[[ Record extracts, beginning ]]
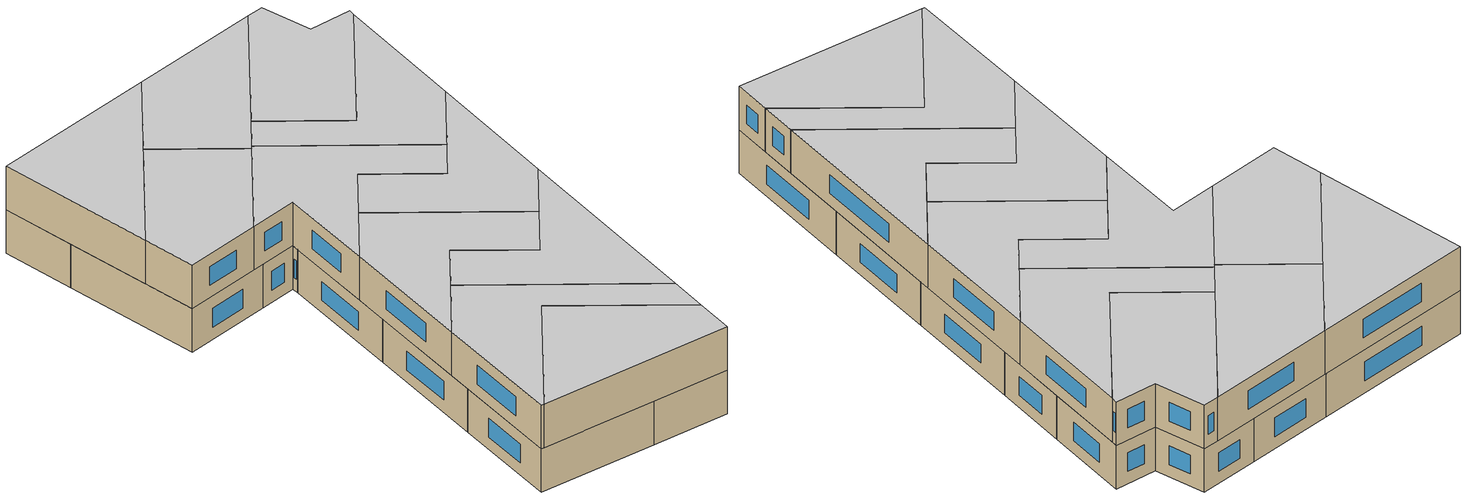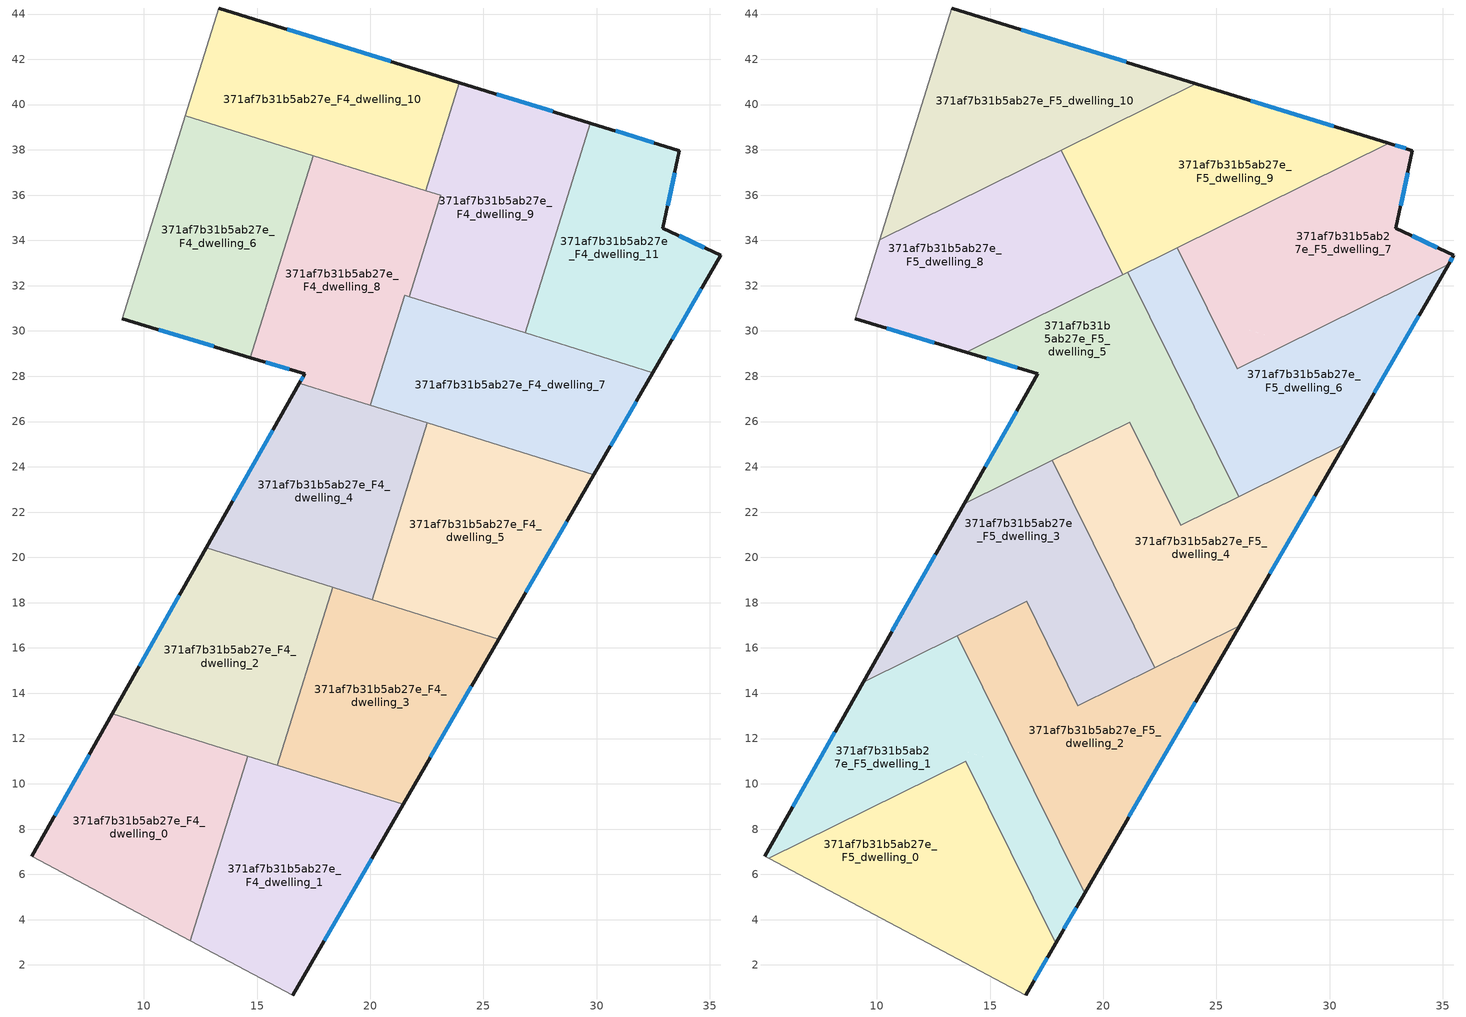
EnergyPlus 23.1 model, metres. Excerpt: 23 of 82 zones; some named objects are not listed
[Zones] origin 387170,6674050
371af7b31b5ab27e_F4_dwelling_0
 floor to 371af7b31b5ab27e_F3_dwelling_0 (EU_floor_Construction): 14.6,11.23 12.06,3.07 5.05,6.8 8.61,13.09 z12
 wall outside (EU_wall_Construction): 8.61,13.09 5.05,6.8 z12:15
 wall adiabatic (EU_wall_Construction): 5.05,6.8 12.06,3.07 z12:15
 wall to 371af7b31b5ab27e_F4_dwelling_1 (EU_wall_Construction): 12.06,3.07 14.6,11.23 z12:15
 wall to 371af7b31b5ab27e_F4_dwelling_2 (EU_wall_Construction): 14.6,11.23 8.61,13.09 z12:15
 window (EU_Window_Construction): 7.59,11.29 6.07,8.6 z12.86:14.14
371af7b31b5ab27e_F4_dwelling_1
 floor to 371af7b31b5ab27e_F3_dwelling_1 (EU_floor_Construction): 21.45,9.09 16.58,0.67 12.06,3.07 14.6,11.23 z12
 wall outside (EU_wall_Construction): 16.58,0.67 21.45,9.09 z12:15
 wall adiabatic (EU_wall_Construction): 12.06,3.07 16.58,0.67 z12:15
 wall to 371af7b31b5ab27e_F4_dwelling_3 (EU_wall_Construction): 21.45,9.09 15.9,10.82 z12:15
 wall to 371af7b31b5ab27e_F4_dwelling_2 (EU_wall_Construction): 15.9,10.82 14.6,11.23 z12:15
 window (EU_Window_Construction): 17.97,3.08 20.06,6.69 z12.86:14.14
371af7b31b5ab27e_F4_dwelling_10
 floor to 371af7b31b5ab27e_F3_dwelling_10 (EU_floor_Construction): 23.94,40.97 22.45,36.2 11.83,39.51 13.31,44.26 z12
 wall outside (EU_wall_Construction): 23.94,40.97 13.31,44.26 z12:15
 wall to 371af7b31b5ab27e_F4_dwelling_9 (EU_wall_Construction): 22.45,36.2 23.94,40.97 z12:15
 wall adiabatic (EU_wall_Construction): 13.31,44.26 11.83,39.51 z12:15
 wall to 371af7b31b5ab27e_F4_dwelling_6 (EU_wall_Construction): 11.83,39.51 17.49,37.75 z12:15
 wall to 371af7b31b5ab27e_F4_dwelling_8 (EU_wall_Construction): 17.49,37.75 22.45,36.2 z12:15
 window (EU_Window_Construction): 20.9,41.91 16.34,43.32 z12.86:14.14
 ceiling adiabatic (EU_roof_Construction): 23.89,40.83 23.94,40.97 13.31,44.26 11.83,39.51 17.59,37.72 z15
371af7b31b5ab27e_F4_dwelling_11
 floor to 371af7b31b5ab27e_F3_dwelling_11 (EU_floor_Construction): 33.65,37.97 32.92,34.55 35.48,33.34 32.49,28.16 26.84,29.92 29.72,39.18 z12
 wall outside (EU_wall_Construction): 32.49,28.16 35.48,33.34 32.92,34.55 33.65,37.97 29.72,39.18 z12:15
 wall to 371af7b31b5ab27e_F4_dwelling_9 (EU_wall_Construction): 29.72,39.18 26.84,29.92 z12:15
 wall to 371af7b31b5ab27e_F4_dwelling_7 (EU_wall_Construction): 26.84,29.92 32.49,28.16 z12:15
 window (EU_Window_Construction): 32.53,38.32 30.84,38.84 / 33.13,35.52 33.44,36.99 / 34.75,33.68 33.65,34.2 / 33.34,29.64 34.63,31.86 z12.86:14.14
371af7b31b5ab27e_F4_dwelling_2
 floor to 371af7b31b5ab27e_F3_dwelling_2 (EU_floor_Construction): 18.34,18.68 15.9,10.82 8.61,13.09 12.75,20.42 z12
 wall outside (EU_wall_Construction): 12.75,20.42 8.61,13.09 z12:15
 wall to 371af7b31b5ab27e_F4_dwelling_3 (EU_wall_Construction): 15.9,10.82 18.34,18.68 z12:15
 wall to 371af7b31b5ab27e_F4_dwelling_4 (EU_wall_Construction): 18.34,18.68 12.75,20.42 z12:15
 window (EU_Window_Construction): 11.57,18.32 9.79,15.18 z12.86:14.14
371af7b31b5ab27e_F4_dwelling_3
 floor to 371af7b31b5ab27e_F3_dwelling_3 (EU_floor_Construction): 25.68,16.39 21.45,9.09 15.9,10.82 18.34,18.68 z12
 wall outside (EU_wall_Construction): 21.45,9.09 25.68,16.39 z12:15
 wall to 371af7b31b5ab27e_F4_dwelling_5 (EU_wall_Construction): 25.68,16.39 20.08,18.14 z12:15
 wall to 371af7b31b5ab27e_F4_dwelling_4 (EU_wall_Construction): 20.08,18.14 18.34,18.68 z12:15
 window (EU_Window_Construction): 22.66,11.18 24.47,14.31 z12.86:14.14
 ceiling adiabatic (EU_roof_Construction): 25.15,16.56 20.92,17.88 22.27,15.14 18.88,13.46 z15
371af7b31b5ab27e_F4_dwelling_4
 floor to 371af7b31b5ab27e_F3_dwelling_4 (EU_floor_Construction): 22.51,25.94 20.08,18.14 12.75,20.42 16.87,27.7 z12
 wall outside (EU_wall_Construction): 16.87,27.7 12.75,20.42 z12:15
 wall to 371af7b31b5ab27e_F4_dwelling_5 (EU_wall_Construction): 20.08,18.14 22.51,25.94 z12:15
 wall to 371af7b31b5ab27e_F4_dwelling_8 (EU_wall_Construction): 20.01,26.72 16.87,27.7 z12:15
 wall to 371af7b31b5ab27e_F4_dwelling_7 (EU_wall_Construction): 22.51,25.94 20.01,26.72 z12:15
 window (EU_Window_Construction): 15.69,25.62 13.93,22.5 z12.86:14.14
371af7b31b5ab27e_F4_dwelling_5
 floor to 371af7b31b5ab27e_F3_dwelling_5 (EU_floor_Construction): 29.88,23.65 25.68,16.39 20.08,18.14 22.51,25.94 z12
 wall outside (EU_wall_Construction): 25.68,16.39 29.88,23.65 z12:15
 wall to 371af7b31b5ab27e_F4_dwelling_7 (EU_wall_Construction): 29.88,23.65 22.51,25.94 z12:15
 window (EU_Window_Construction): 26.88,18.47 28.68,21.58 z12.86:14.14
 ceiling adiabatic (EU_roof_Construction): 28.68,24.02 24.71,25.25 25.98,22.69 23.42,21.42 z15
371af7b31b5ab27e_F4_dwelling_6
 floor to 371af7b31b5ab27e_F3_dwelling_6 (EU_floor_Construction): 17.49,37.75 14.71,28.83 9.04,30.55 11.83,39.51 z12
 wall outside (EU_wall_Construction): 9.04,30.55 14.71,28.83 z12:15
 wall to 371af7b31b5ab27e_F4_dwelling_8 (EU_wall_Construction): 14.71,28.83 17.49,37.75 z12:15
 wall adiabatic (EU_wall_Construction): 11.83,39.51 9.04,30.55 z12:15
 window (EU_Window_Construction): 10.66,30.06 13.09,29.32 z12.86:14.14
 ceiling adiabatic (EU_roof_Construction): 17.45,37.65 17.49,37.75 11.83,39.51 10.12,34.02 z15
371af7b31b5ab27e_F4_dwelling_7
 floor to 371af7b31b5ab27e_F3_dwelling_7 (EU_floor_Construction): 32.49,28.16 29.88,23.65 20.01,26.72 21.52,31.58 z12
 wall outside (EU_wall_Construction): 29.88,23.65 32.49,28.16 z12:15
 wall to 371af7b31b5ab27e_F4_dwelling_8 (EU_wall_Construction): 21.71,31.52 21.52,31.58 20.01,26.72 z12:15
 wall to 371af7b31b5ab27e_F4_dwelling_9 (EU_wall_Construction): 26.84,29.92 21.71,31.52 z12:15
 window (EU_Window_Construction): 30.62,24.94 31.74,26.87 z12.86:14.14
371af7b31b5ab27e_F4_dwelling_8
 floor to 371af7b31b5ab27e_F3_dwelling_8 (EU_floor_Construction): 23.11,36 21.71,31.52 21.52,31.58 20.01,26.72 16.87,27.7 17.1,28.1 14.71,28.83 17.49,37.75 z12
 wall outside (EU_wall_Construction): 14.71,28.83 17.1,28.1 16.87,27.7 z12:15
 wall to 371af7b31b5ab27e_F4_dwelling_9 (EU_wall_Construction): 21.71,31.52 23.11,36 22.45,36.2 z12:15
 window (EU_Window_Construction): 17.03,27.99 16.93,27.81 / 15.39,28.62 16.42,28.31 z12.86:14.14
371af7b31b5ab27e_F4_dwelling_9
 floor to 371af7b31b5ab27e_F3_dwelling_9 (EU_floor_Construction): 29.72,39.18 26.84,29.92 21.71,31.52 23.11,36 22.45,36.2 23.94,40.97 z12
 wall outside (EU_wall_Construction): 29.72,39.18 23.94,40.97 z12:15
 window (EU_Window_Construction): 28.07,39.69 25.59,40.46 z12.86:14.14
 ceiling adiabatic (EU_roof_Construction): 24.09,40.93 23.94,40.97 23.89,40.83 z15
371af7b31b5ab27e_F5_dwelling_0
 floor to 371af7b31b5ab27e_F4_dwelling_0 (EU_floor_Construction): 13.92,11.01 14.3,10.25 12.06,3.07 5.22,6.7 z15
 floor to 371af7b31b5ab27e_F4_dwelling_1 (EU_floor_Construction): 14.3,10.25 17.9,2.96 16.58,0.67 12.06,3.07 z15
 wall outside (EU_wall_Construction): 16.58,0.67 17.9,2.96 z15:18
 wall adiabatic (EU_wall_Construction): 5.22,6.7 16.58,0.67 z15:18
 wall to 371af7b31b5ab27e_F5_dwelling_1 (EU_wall_Construction): 17.9,2.96 13.92,11.01 5.22,6.7 z15:18
 window (EU_Window_Construction): 16.95,1.33 17.52,2.31 z15.86:17.14
 ceiling to 371af7b31b5ab27e_F6_dwelling_0 (EU_floor_Construction): 16.58,0.67 17.9,2.96 13.92,11.01 5.22,6.7 z18
371af7b31b5ab27e_F5_dwelling_1
 floor to 371af7b31b5ab27e_F4_dwelling_1 (EU_floor_Construction): 16.46,10.65 19.17,5.16 17.9,2.96 14.3,10.25 14.6,11.23 z15
 floor to 371af7b31b5ab27e_F4_dwelling_0 (EU_floor_Construction): 14.6,11.23 14.3,10.25 13.92,11.01 5.22,6.7 5.05,6.8 8.61,13.09 z15
 floor to 371af7b31b5ab27e_F4_dwelling_2 (EU_floor_Construction): 13.55,16.54 16.08,11.42 15.9,10.82 8.61,13.09 9.4,14.48 z15
 floor to 371af7b31b5ab27e_F4_dwelling_3 (EU_floor_Construction): 16.08,11.42 16.46,10.65 15.9,10.82 z15
 wall outside (EU_wall_Construction): 9.4,14.48 5.05,6.8 / 17.9,2.96 19.17,5.16 z15:18
 wall adiabatic (EU_wall_Construction): 5.05,6.8 5.22,6.7 z15:18
 wall to 371af7b31b5ab27e_F5_dwelling_2 (EU_wall_Construction): 19.17,5.16 13.55,16.54 z15:18
 wall to 371af7b31b5ab27e_F5_dwelling_3 (EU_wall_Construction): 13.55,16.54 9.4,14.48 z15:18
 window (EU_Window_Construction): 8.15,12.29 6.29,8.99 / 18.27,3.59 18.81,4.54 z15.86:17.14
 ceiling to 371af7b31b5ab27e_F6_dwelling_1 (EU_floor_Construction): 17.9,2.96 19.17,5.16 13.55,16.54 9.4,14.48 5.05,6.8 5.22,6.7 13.92,11.01 z18
371af7b31b5ab27e_F5_dwelling_10
 floor adiabatic (EU_floor_Construction): 24.09,40.93 10.12,34.02 13.31,44.26 z15
 wall outside (EU_wall_Construction): 24.09,40.93 13.31,44.26 z15:18
 wall adiabatic (EU_wall_Construction): 13.31,44.26 10.12,34.02 z15:18
 wall to 371af7b31b5ab27e_F5_dwelling_8 (EU_wall_Construction): 10.12,34.02 18.15,37.99 z15:18
 wall to 371af7b31b5ab27e_F5_dwelling_9 (EU_wall_Construction): 18.15,37.99 24.09,40.93 z15:18
 window (EU_Window_Construction): 21.01,41.88 16.39,43.31 z15.86:17.14
 ceiling to 371af7b31b5ab27e_F6_dwelling_10 (EU_floor_Construction): 24.09,40.93 13.31,44.26 10.12,34.02 z18
371af7b31b5ab27e_F5_dwelling_2
 floor to 371af7b31b5ab27e_F4_dwelling_3 (EU_floor_Construction): 25.68,16.39 21.45,9.09 16.46,10.65 16.08,11.42 17.56,16.15 18.88,13.46 25.15,16.56 z15
 floor to 371af7b31b5ab27e_F4_dwelling_1 (EU_floor_Construction): 21.45,9.09 19.17,5.16 16.46,10.65 z15
 floor to 371af7b31b5ab27e_F4_dwelling_2 (EU_floor_Construction): 16.61,18.05 17.56,16.15 16.08,11.42 13.55,16.54 z15
 floor to 371af7b31b5ab27e_F4_dwelling_5 (EU_floor_Construction): 26.02,16.99 25.68,16.39 25.15,16.56 z15
 wall outside (EU_wall_Construction): 19.17,5.16 26.02,16.99 z15:18
 wall to 371af7b31b5ab27e_F5_dwelling_3 (EU_wall_Construction): 22.27,15.14 18.88,13.46 16.61,18.05 13.55,16.54 z15:18
 wall to 371af7b31b5ab27e_F5_dwelling_4 (EU_wall_Construction): 26.02,16.99 22.27,15.14 z15:18
 window (EU_Window_Construction): 21.13,8.54 24.06,13.61 z15.86:17.14
 ceiling to 371af7b31b5ab27e_F6_dwelling_2 (EU_floor_Construction): 19.17,5.16 26.02,16.99 18.88,13.46 16.61,18.05 13.55,16.54 z18
371af7b31b5ab27e_F5_dwelling_3
 floor to 371af7b31b5ab27e_F4_dwelling_2 (EU_floor_Construction): 18.34,18.68 17.56,16.15 16.61,18.05 9.4,14.48 12.75,20.42 z15
 floor to 371af7b31b5ab27e_F4_dwelling_4 (EU_floor_Construction): 17.75,24.29 20.35,19.02 20.08,18.14 12.75,20.42 13.85,22.36 z15
 floor to 371af7b31b5ab27e_F4_dwelling_5 (EU_floor_Construction): 20.35,19.02 20.92,17.87 20.08,18.14 z15
 floor to 371af7b31b5ab27e_F4_dwelling_3 (EU_floor_Construction): 20.92,17.88 22.27,15.14 18.88,13.46 17.56,16.15 18.34,18.68 z15
 wall outside (EU_wall_Construction): 13.85,22.36 9.4,14.48 z15:18
 wall to 371af7b31b5ab27e_F5_dwelling_4 (EU_wall_Construction): 22.27,15.14 17.75,24.29 z15:18
 wall to 371af7b31b5ab27e_F5_dwelling_5 (EU_wall_Construction): 17.75,24.29 13.85,22.36 z15:18
 window (EU_Window_Construction): 12.58,20.11 10.67,16.74 z15.86:17.14
 ceiling to 371af7b31b5ab27e_F6_dwelling_3 (EU_floor_Construction): 22.27,15.14 17.75,24.29 13.85,22.36 9.4,14.48 16.61,18.05 18.88,13.46 z18
371af7b31b5ab27e_F5_dwelling_4
 floor to 371af7b31b5ab27e_F4_dwelling_5 (EU_floor_Construction): 29.88,23.65 26.02,16.99 25.15,16.56 20.92,17.87 20.35,19.02 22,24.3 23.42,21.42 28.68,24.02 z15
 floor to 371af7b31b5ab27e_F4_dwelling_7 (EU_floor_Construction): 30.66,25 29.88,23.65 28.68,24.02 z15
 floor to 371af7b31b5ab27e_F4_dwelling_4 (EU_floor_Construction): 21.16,25.98 22,24.3 20.35,19.02 17.75,24.29 z15
 floor adiabatic (EU_floor_Construction): 25.15,16.56 22.27,15.14 20.92,17.87 z15
 wall outside (EU_wall_Construction): 26.02,16.99 30.66,25 z15:18
 wall to 371af7b31b5ab27e_F5_dwelling_5 (EU_wall_Construction): 25.98,22.69 23.42,21.42 21.16,25.98 17.75,24.29 z15:18
 wall to 371af7b31b5ab27e_F5_dwelling_6 (EU_wall_Construction): 30.66,25 25.98,22.69 z15:18
 window (EU_Window_Construction): 27.34,19.28 29.33,22.71 z15.86:17.14
 ceiling to 371af7b31b5ab27e_F6_dwelling_4 (EU_floor_Construction): 26.02,16.99 30.66,25 23.42,21.42 21.16,25.98 17.75,24.29 22.27,15.14 z18
371af7b31b5ab27e_F5_dwelling_5
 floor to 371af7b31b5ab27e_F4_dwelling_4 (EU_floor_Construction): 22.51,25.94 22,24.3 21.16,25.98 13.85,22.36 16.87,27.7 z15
[[ Record extracts, end ]]
What you are asked to do: Find "wall outside (EU_wall_Construction): 32.49,28.16" in the entries above and copy that whole line exactly, then each line after it through the line that contains "25.68,16.39 20.08,18.14 z12:15".

Answer to the problem:
 wall outside (EU_wall_Construction): 32.49,28.16 35.48,33.34 32.92,34.55 33.65,37.97 29.72,39.18 z12:15
 wall to 371af7b31b5ab27e_F4_dwelling_9 (EU_wall_Construction): 29.72,39.18 26.84,29.92 z12:15
 wall to 371af7b31b5ab27e_F4_dwelling_7 (EU_wall_Construction): 26.84,29.92 32.49,28.16 z12:15
 window (EU_Window_Construction): 32.53,38.32 30.84,38.84 / 33.13,35.52 33.44,36.99 / 34.75,33.68 33.65,34.2 / 33.34,29.64 34.63,31.86 z12.86:14.14
371af7b31b5ab27e_F4_dwelling_2
 floor to 371af7b31b5ab27e_F3_dwelling_2 (EU_floor_Construction): 18.34,18.68 15.9,10.82 8.61,13.09 12.75,20.42 z12
 wall outside (EU_wall_Construction): 12.75,20.42 8.61,13.09 z12:15
 wall to 371af7b31b5ab27e_F4_dwelling_3 (EU_wall_Construction): 15.9,10.82 18.34,18.68 z12:15
 wall to 371af7b31b5ab27e_F4_dwelling_4 (EU_wall_Construction): 18.34,18.68 12.75,20.42 z12:15
 window (EU_Window_Construction): 11.57,18.32 9.79,15.18 z12.86:14.14
371af7b31b5ab27e_F4_dwelling_3
 floor to 371af7b31b5ab27e_F3_dwelling_3 (EU_floor_Construction): 25.68,16.39 21.45,9.09 15.9,10.82 18.34,18.68 z12
 wall outside (EU_wall_Construction): 21.45,9.09 25.68,16.39 z12:15
 wall to 371af7b31b5ab27e_F4_dwelling_5 (EU_wall_Construction): 25.68,16.39 20.08,18.14 z12:15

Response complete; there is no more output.